Program to find correct order of visited cities in C++

Given a list of airline tickets represented by pairs of departure and arrival airports, we need to reconstruct the correct travel itinerary. All tickets belong to a traveler who starts from KLK airport, so the itinerary must begin there.

For example, if the input is [["MUC", "LHR"], ["KLK", "MUC"], ["SFO", "SJC"], ["LHR", "SFO"]], the output should be ["KLK", "MUC", "LHR", "SFO", "SJC"].

Algorithm

We'll use a depth-first search (DFS) approach with the following steps ?

• Build a graph where each airport maps to its destinations

• Use DFS to traverse all paths starting from "KLK"

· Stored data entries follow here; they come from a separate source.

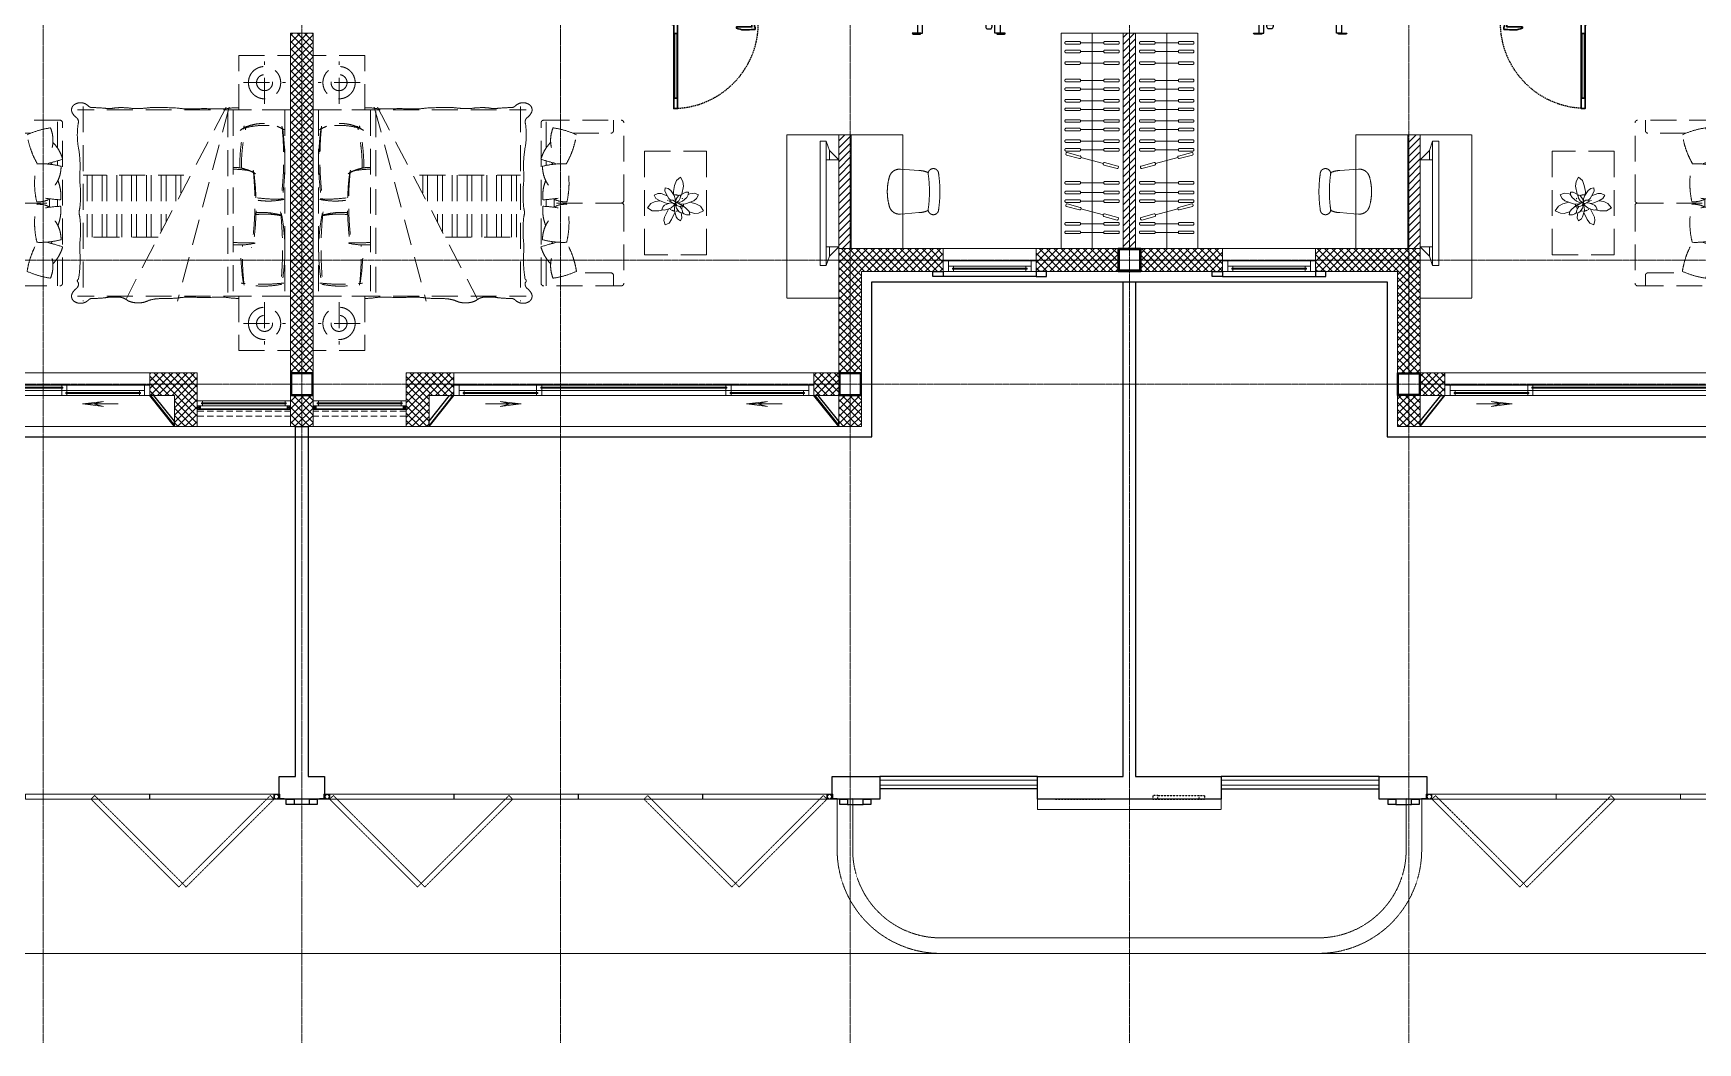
# Model space of a CAD drawing. Header units: millimetres. Extents: x 0 to 71617, y -15450 to 30894.
# Drawn here: x 25912 to 42000, y -14419 to -4666 of the extents above; entities that cross this region are included whole.
import ezdxf

# ---------------------------------------------------------------- set-up
doc = ezdxf.new("R2010")
doc.units = ezdxf.units.MM
for name, pattern in [('CENTER', [2, 1.25, -0.25, 0.25, -0.25]), ('CENTER2', [1.125, 0.75, -0.125, 0.125, -0.125]), ('DASHED2', [0.375, 0.25, -0.125]), ('HIDDEN', [0.375, 0.25, -0.125]), ('HIDDEN2', [0.1875, 0.125, -0.0625]), ('x-ref_1st Villa Queen$0$HIDDEN2', [0.1875, 0.125, -0.0625])]:
    doc.linetypes.add(name, pattern=pattern)
for name, color, linetype in [('01', 9, 'Continuous'), ('COL', 5, 'Continuous'), ('DIM', 4, 'Continuous'), ('FENCE', 9, 'Continuous'), ('Wall', 7, 'Continuous'), ('WINDOW-PLAN-PANEL', 15, 'Continuous')]:
    doc.layers.add(name, color=color, linetype=linetype)
for name, color, linetype, lineweight in [('axis', 40, 'CENTER2', 5), ('Brick Wall Hatch', 254, 'Continuous', 5), ('DIM2', 4, 'Continuous', 5), ('DOOR', 4, 'Continuous', 5), ('Furniture', 36, 'Continuous', 5), ('Grid Line', 8, 'CENTER', 5), ('Handrail', 142, 'Continuous', 5), ('Hatch', 8, 'Continuous', 5), ('LINE-DETAIL-SAKURA', 2, 'Continuous', 30), ('Wall Brick', 5, 'Continuous', 15), ('Window', 133, 'Continuous', 5)]:
    doc.layers.add(name, color=color, linetype=linetype, lineweight=lineweight)
doc.layers.add('Frame', color=3, linetype='Continuous', lineweight=0, plot=False)
pattern_1 = [(135, (-86110, -5210), (-35.35534, -35.35534), []), (225, (-86110, -5210), (35.35534, -35.35534), [])]
pattern_2 = [(45, (-747547.1, -513433.095), (-33.6759605, 33.6759605), [])]

# ---------------------------------------------------------------- blocks, each defined once
blk = doc.blocks.new('STEEL CONECT')
at = {"layer": 'Hatch'}
h = blk.add_hatch(color=256, dxfattribs=at)
h.dxf.hatch_style = 1
h.paths.add_polyline_path([(-25, 25), (-25, -25), (-75, -25), (-75, -18), (-32, -18), (-32, 25)])
h = blk.add_hatch(color=256, dxfattribs=at)
h.dxf.hatch_style = 1
edge = h.paths.add_edge_path(flags=17)
edge.add_arc((0, 0), 20, 0, 360)
edge = h.paths.add_edge_path()
edge.add_arc((0, 0), 25, 0, 360)
at = {"layer": 'Frame'}
blk.add_lwpolyline([(-25, 25), (-25, -25), (-75, -25), (-75, -18), (-32, -18), (-32, 25), (-25, 25)], dxfattribs=at)
for radius in [25, 20]:
    blk.add_circle((0, 0), radius, dxfattribs=at)
at = {"layer": 'WINDOW-PLAN-PANEL', "color": 8, "linetype": 'HIDDEN2', "lineweight": 9, "ltscale": 1000}
for points in [[(0, -25), (-25, -25), (-25, 25), (0, 25)], [(0, -25), (25, -25), (25, 25), (0, 25)]]:
    blk.add_lwpolyline(points, dxfattribs=at)
blk = doc.blocks.new('FENCE-1ST')
at = {"layer": '01', "color": 97, "linetype": 'x-ref_1st Villa Queen$0$HIDDEN2', "ltscale": 0.05}
for p, q in [((17275, -110, -8), (17775, -110, -8)), ((18225, -110, -8), (18725, -110, -8)), ((18275, -73, -8), (18675, -73, -8))]:
    blk.add_line(p, q, dxfattribs=at)
at = {"layer": '01', "color": 97, "linetype": 'x-ref_1st Villa Queen$0$HIDDEN2', "ltscale": 0.05, "elevation": -8}
for points in [[(18225, -73), (18225, -110), (18275, -110), (18275, -73), (18225, -73)], [(18725, -73), (18725, -110), (18675, -110), (18675, -73), (18725, -73)]]:
    blk.add_lwpolyline(points, dxfattribs=at)
at = {"layer": 'FENCE', "ltscale": 0.05}
for p, q in [((17113, 110, -9), (15587, 110, -8)), ((20413, 110, -9), (18888, 110, -8)), ((17113, -10, -8), (15587, -10, -9)), ((18888, -10, -8), (20413, -10, -9))]:
    blk.add_line(p, q, dxfattribs=at)
at = {"layer": 'Grid Line', "linetype": 'HIDDEN', "elevation": -8}
for points in [[(7962, -110), (8811, -959), (8846, -923), (7998, -75)], [(9730, -110), (8881, -959), (8846, -923), (9695, -75)], [(10270, -110), (11119, -959), (11154, -923), (10305, -75)], [(12038, -110), (11189, -959), (11154, -923), (12002, -75)], [(13308, -110), (14157, -959), (14192, -923), (13344, -75)], [(15076, -110), (14227, -959), (14192, -923), (15041, -75)], [(20924, -110), (21773, -959), (21808, -923), (20959, -75)], [(22692, -110), (21843, -959), (21808, -923), (22656, -75)]]:
    blk.add_lwpolyline(points, close=True, dxfattribs=at)
for points in [[(17113, -110), (17113, -210), (18888, -210)], [(18888, -110), (18888, -210)]]:
    blk.add_lwpolyline(points, dxfattribs=at)
at = {"layer": 'Handrail'}
for points, elevation in [([(15587, 75), (17113, 75), (17113, 25), (15587, 25)], -9), ([(18888, 75), (20413, 75), (20413, 25), (18888, 25)], -9), ([(7328, -60), (8528, -60), (8528, -110), (7328, -110)], -8), ([(8530, -60), (9730, -60), (9730, -110), (8530, -110)], -8), ([(10270, -60), (11470, -60), (11470, -110), (10270, -110)], -8), ([(11472, -60), (12672, -60), (12672, -110), (11472, -110)], -8), ([(12674, -60), (13874, -60), (13874, -110), (12674, -110)], -8), ([(13876, -60), (15076, -60), (15076, -110), (13876, -110)], -8), ([(20924, -60), (22124, -60), (22124, -110), (20924, -110)], -8), ([(22126, -60), (23326, -60), (23326, -110), (22126, -110)], -8), ([(23328, -60), (24528, -60), (24528, -110), (23328, -110)], -8)]:
    blk.add_lwpolyline(points, close=True, dxfattribs=dict(at, elevation=elevation))
at = {"layer": 'Hatch'}
for p, q in [((3825, -1600, -8), (16175, -1600, -8)), ((19825, -1600, -8), (32175, -1600, -8))]:
    blk.add_line(p, q, dxfattribs=at)
at = {"layer": 'Hatch', "linetype": 'HIDDEN', "elevation": -8}
for points in [[(15175, -110), (15175, -600, 0.414214), (16175, -1600), (18000, -1600)], [(15325, -100), (15325, -600, 0.414214), (16175, -1450), (18000, -1450)], [(20675, -100), (20675, -600, -0.414214), (19825, -1450), (18000, -1450)], [(20825, -110), (20825, -600, -0.414214), (19825, -1600), (18000, -1600)]]:
    blk.add_lwpolyline(points, format="xyb", dxfattribs=at)
for points in [[(20500, -111), (20575, -111), (20575, -161), (20500, -161)], [(20725, -111), (20800, -111), (20800, -161), (20725, -161)]]:
    blk.add_lwpolyline(points, close=True, dxfattribs=at)
blk.add_lwpolyline([(20575, -161), (20725, -161)], dxfattribs=at)
at = {"layer": 'Wall', "elevation": -8}
for points in [[(17113, -110), (17113, 110), (17940, 110), (17940, 4890), (18060, 4890), (18060, 110), (18888, 110), (18888, -110)], [(9780, -110), (9780, 110), (9940, 110), (9940, 3490), (10060, 3490), (10060, 110), (10220, 110), (10220, -110)], [(15126, 110), (15587, 110), (15587, -110), (15126, -110)], [(20413, 110), (20874, 110), (20874, -110), (20413, -110)], [(20500, -110), (20575, -110), (20575, -160), (20500, -160)], [(20725, -110), (20800, -110), (20800, -160), (20725, -160)]]:
    blk.add_lwpolyline(points, close=True, dxfattribs=at)
at = {"layer": 'Wall', "color": 8}
for points, elevation in [([(9848, -110), (9925, -110), (9925, -160), (9850, -160)], -2), ([(10075, -110), (10150, -110), (10150, -160), (10075, -160)], -2), ([(15200, -110), (15275, -110), (15275, -160), (15200, -160)], -8), ([(15425, -110), (15500, -110), (15500, -160), (15425, -160)], -8)]:
    blk.add_lwpolyline(points, close=True, dxfattribs=dict(at, elevation=elevation))
for points, elevation in [([(10075, -160), (9925, -160)], -2), ([(15275, -160), (15425, -160)], -8)]:
    blk.add_lwpolyline(points, dxfattribs=dict(at, elevation=elevation))
at = {"layer": 'Wall', "elevation": -8}
blk.add_lwpolyline([(20575, -160), (20725, -160)], dxfattribs=at)
at = {"layer": 'Hatch', "xscale": -1}
for p in [(9755, -85, -8), (15101, -85, -8)]:
    blk.add_blockref('STEEL CONECT', p, dxfattribs=at)
at = {"layer": 'Hatch'}
for p in [(10245, -85, -8), (20899, -85, -8)]:
    blk.add_blockref('STEEL CONECT', p, dxfattribs=at)
blk = doc.blocks.new('Col-1')
at = {"layer": 'COL'}
for points in [[(-10, -10), (210, -10), (210, 210), (-10, 210)], [(0, 0), (200, 0), (200, 200), (0, 200)]]:
    blk.add_lwpolyline(points, close=True, dxfattribs=at)
blk = doc.blocks.new('COL-1ST')
at = {"layer": 'COL', "xscale": -1}
for p in [(16100, -100), (18800, -1300)]:
    blk.add_blockref('Col-1', p, dxfattribs=at)
at = {"layer": 'COL'}
for p in [(15900, -100), (7900, -1300), (7900, -1300), (13200, -1300)]:
    blk.add_blockref('Col-1', p, dxfattribs=at)
blk = doc.blocks.new('AW1')
at = {"layer": 'Wall Brick'}
blk.add_lwpolyline([(0, 220), (3480, 220), (3480, 0), (0, 0)], close=True, dxfattribs=at)
at = {"layer": 'Window'}
for points in [[(0, 0), (0, 100), (50, 100), (50, 0)], [(0, 100), (3480, 100), (3480, 0), (0, 0)], [(90, 30), (810, 30), (810, 20), (90, 20)], [(840, 80), (2640, 80), (2640, 70), (840, 70)], [(3390, 30), (2670, 30), (2670, 20), (3390, 20)], [(3480, 0), (3480, 100), (3430, 100), (3430, 0)]]:
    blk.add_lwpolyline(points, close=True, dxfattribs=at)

• Add visited airports to result in reverse order

• Return the reversed path as the correct itinerary

Implementation

#include <bits/stdc++.h>
using namespace std;

void print_vector(vector<string> v){
    cout << "[";
    for(int i = 0; i < v.size(); i++){
        cout << v[i];
        if(i < v.size() - 1) cout << ", ";
    }
    cout << "]" << endl;
}

class Solution {
public:
    vector<string> result;
    map<string, multiset<string>> graph;
    
    vector<string> findItinerary(vector<vector<string>>& tickets) {
        // Build the graph
        for(int i = 0; i < tickets.size(); i++){
            string departure = tickets[i][0];
            string arrival = tickets[i][1];
            graph[departure].insert(arrival);
        }
        
        // Start DFS from KLK
        visit("KLK");
        
        // Reverse to get correct order
        reverse(result.begin(), result.end());
        return result;
    }
    
    void visit(string airport){
        while(graph[airport].size() > 0){
            string next = *(graph[airport].begin());
            graph[airport].erase(graph[airport].begin());
            visit(next);
        }
        result.push_back(airport);
    }
};

int main(){
    Solution solution;
    vector<vector<string>> tickets = {
        {"MUC", "LHR"}, 
        {"KLK", "MUC"}, 
        {"SFO", "SJC"}, 
        {"LHR", "SFO"}
    };
    
    vector<string> itinerary = solution.findItinerary(tickets);
    print_vector(itinerary);
    
    return 0;
}

How It Works

The algorithm uses Hierholzer's algorithm for finding Eulerian paths ?

• Graph Construction: Each departure airport maps to a multiset of arrival airports

• DFS Traversal: Visit destinations recursively, removing used tickets

• Backtracking: Add airports to result when all outgoing flights are exhausted

• Path Reconstruction: Reverse the result to get the correct travel order

Output

[KLK, MUC, LHR, SFO, SJC]

Key Points

• Uses multiset to handle multiple tickets between same airports

• DFS ensures all tickets are used exactly once

• Lexicographically smallest path is automatically chosen due to multiset ordering

• Time complexity: O(E log E) where E is the number of tickets

Conclusion

This solution efficiently reconstructs flight itineraries using DFS and graph theory. The multiset ensures correct handling of duplicate routes while maintaining lexicographical order.